The idea of looking at your waist rather than just the number on the scale is also supported by the National Institutes of Health, which has reported an association between “central obesity” and cognitive decline and even dementia later in life.
BMI vs. WHR and Their Connection to Brain Disease
BMI is not a very reliable measure of obesity – especially as we get older – nor a good indicator of possible cognitive decline. A much better yardstick (no pun intended) would be a measurement known as the waist-to-hip-ratio (WHR).
Calculating your WHR is very easy. Just divide the measurement of the smallest part of your waist by the measurement of the largest part of your hips. For women, if our WHR is greater than 0.85 it is entirely possible that we could have “central obesity” while having a perfectly healthy BMI or weight.
If you’re wondering how your BMI and WHR numbers translate into your risk for developing dementia, they are fairly straightforward: if you have both high BMI and WHR numbers, your risk of developing dementia is about 3.5 times greater than that of a woman whose BMI and WHR are in the healthy range.
If your BMI is good, but your WHR is high, you’re still at risk of developing dementia that is twice than that if they were both in the healthy range.
Obesity’s Impact on Brain Health Doesn’t Stop with Cognitive Decline
Still not convinced about the advantages of maintaining a healthy weight to your cognitive functioning and memory? Well, it turns out that obesity can also impact your brain in other ways you may not have even thought of.
For example, your brain plays a key role in making sure that you can hold on to your cell phone, coffee cup, or even your fork when you pick them up.

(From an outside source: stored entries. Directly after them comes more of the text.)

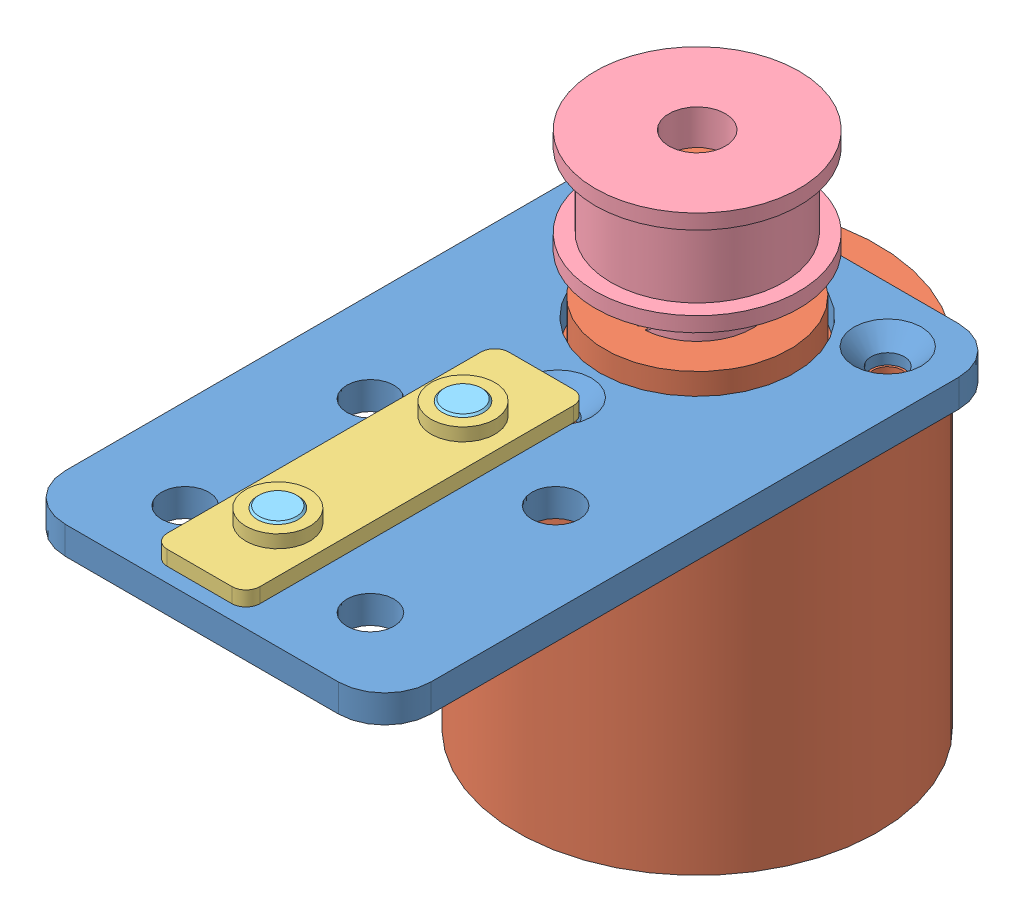
SolidWorks assembly ENCODER_MOUNT, configuration Default. Lengths in mm.
Overall size (51.65 55.93 79.55).
6 component instances, 5 part files, 12 mates.
Components (placement in the parent):
- Encoder_Plate-1: Encoder_Plate [Default] at (31.1909 29.1723 51.0822) size (39.5 3 67)
- ENCODER-1: ENCODER [Default] at (31.1909 29.1723 31.0822) x (0.910312 0 0.413922) z (0 1 0) size (39 39 52.17)
- Double Tee Nut-1: Double Tee Nut [Default] at (36.1909 33.9723 84.8122) x (0 0 -1) z (0 1 0) size (36.88 10 3)
- PULLEY_6MM-1: PULLEY_6MM [Default] at (31.1909 32.1723 31.0822) x (0 1 0) z (0 0 1) size (17.5 22 22)
- LP_SH_SCREW_M5_8mm-1: LP_SH_SCREW_M5_8mm [M5 x 8] at (31.1909 37.1723 56.3722) x (0 1 0) z (0 0 1) size (9.62 9 9)
- LP_SH_SCREW_M5_8mm-2: LP_SH_SCREW_M5_8mm [M5 x 8] at (31.1909 37.1723 76.3722) x (0 1 0) z (0 0 1) size (9.62 9 9)
Mates (geometry in assembly coordinates):
- Coincident1: coincident anti-aligned: plane of Encoder_Plate-1 through (16.4409 29.1723 79.5822) normal (0 -1 0); plane of ENCODER-1 through (31.1909 29.1723 31.0822) normal (0 1 0)
- Concentric4: concentric anti-aligned: cylinder of Encoder_Plate-1 through (31.1909 32.1723 56.3722) axis (0 -1 0) radius 2.55; cylinder of Double Tee Nut-1 through (31.1909 36.9723 56.3722) axis (0 1 0) radius 2.1
- Concentric5: concentric anti-aligned: cylinder of Encoder_Plate-1 through (31.1909 32.1723 76.3722) axis (0 -1 0) radius 2.55; cylinder of Double Tee Nut-1 through (31.1909 36.9723 76.3722) axis (0 1 0) radius 2.1
- Distance2: distance = 1.8 mm anti-aligned: plane of Double Tee Nut-1 through (27.6909 33.9723 49.4322) normal (0 -1 0); plane of Encoder_Plate-1 through (16.4409 32.1723 79.5822) normal (0 1 0)
- Concentric7: concentric anti-aligned: cylinder of ENCODER-1 through (31.1909 34.1253 31.0822) axis (0 -1 0) radius 9.9822; cylinder of PULLEY_6MM-1 through (31.1909 32.1723 31.0822) axis (0 1 0) radius 3.048
- Coincident3: coincident anti-aligned: plane of Encoder_Plate-1 through (16.4409 32.1723 79.5822) normal (0 1 0); plane of PULLEY_6MM-1 through (28.6909 32.1723 31.0822) normal (0 -1 0)
- Concentric8: concentric aligned: cylinder of Encoder_Plate-1 through (18.1485 32.1723 23.5522) axis (0 1 0) radius 1.8; cylinder of ENCODER-1 through (18.1485 24.0923 23.5522) axis (0 1 0) radius 1.58
- Concentric10: concentric anti-aligned: cylinder of Encoder_Plate-1 through (31.1909 29.1723 31.0822) axis (0 1 0) radius 10.5; cylinder of ENCODER-1 through (31.1909 34.1253 31.0822) axis (0 -1 0) radius 9.9822
- Concentric111: concentric anti-aligned: cylinder of Encoder_Plate-1 through (31.1909 32.1723 56.3722) axis (0 -1 0) radius 2.55; cylinder of LP_SH_SCREW_M5_8mm-1 through (31.1909 29.1723 56.3722) axis (0 1 0) radius 2.5
- Coincident41: coincident anti-aligned: plane of Encoder_Plate-1 through (16.4409 29.1723 79.5822) normal (0 -1 0); plane of LP_SH_SCREW_M5_8mm-1 through (27.0294 29.1723 56.3722) normal (0 1 0)
- Concentric121: concentric anti-aligned: cylinder of Encoder_Plate-1 through (31.1909 32.1723 76.3722) axis (0 -1 0) radius 2.55; cylinder of LP_SH_SCREW_M5_8mm-2 through (31.1909 29.1723 76.3722) axis (0 1 0) radius 2.5
- Coincident51: coincident anti-aligned: plane of Encoder_Plate-1 through (16.4409 29.1723 79.5822) normal (0 -1 0); plane of LP_SH_SCREW_M5_8mm-2 through (27.0294 29.1723 76.3722) normal (0 1 0)

And while dropping your coffee cup may be inconvenient, not being able to open your medicine bottle or hold on to a stair’s bannister could pose a serious health risk.
Being obese requires us to expend more “mental energy” to walk, which can tire us more quickly and increase the chances of a tumble. To add insult to injury, if you’re stressed, this “obesity effect” can be magnified, creating a vicious cycle.
From a mental health/emotional perspective, the “pleasure” areas of women’s brains are activated less if we are obese. One thing that does trigger that area is sugar, so if you’re obese, you have a higher risk of overeating in an attempt to basically feel good.
Being obese has also been shown to increase our risk for depression, which itself has been linked to contributing to obesity (another vicious cycle you want to try and avoid).
It Is Possible to Achieve and Maintain a Healthy Weight
A combination of lifestyle changes along with some simple tweaks to your diet can help you lose weight and keep it off.
One key lifestyle change is to reduce the amount of time you spend sitting and increase the amount you spend moving. The best thing is to do something you enjoy – walking, riding a bike, playing a sport, taking a dance class – and stick with it.
Finally, be sure that you are giving your brain what it needs: brain food! As women, we may need more nutrients in our diets to support cognitive health and promote positive emotional well-being, according to research conducted by Binghamton University. (Interestingly enough, the study suggests that the same may not be true for men.)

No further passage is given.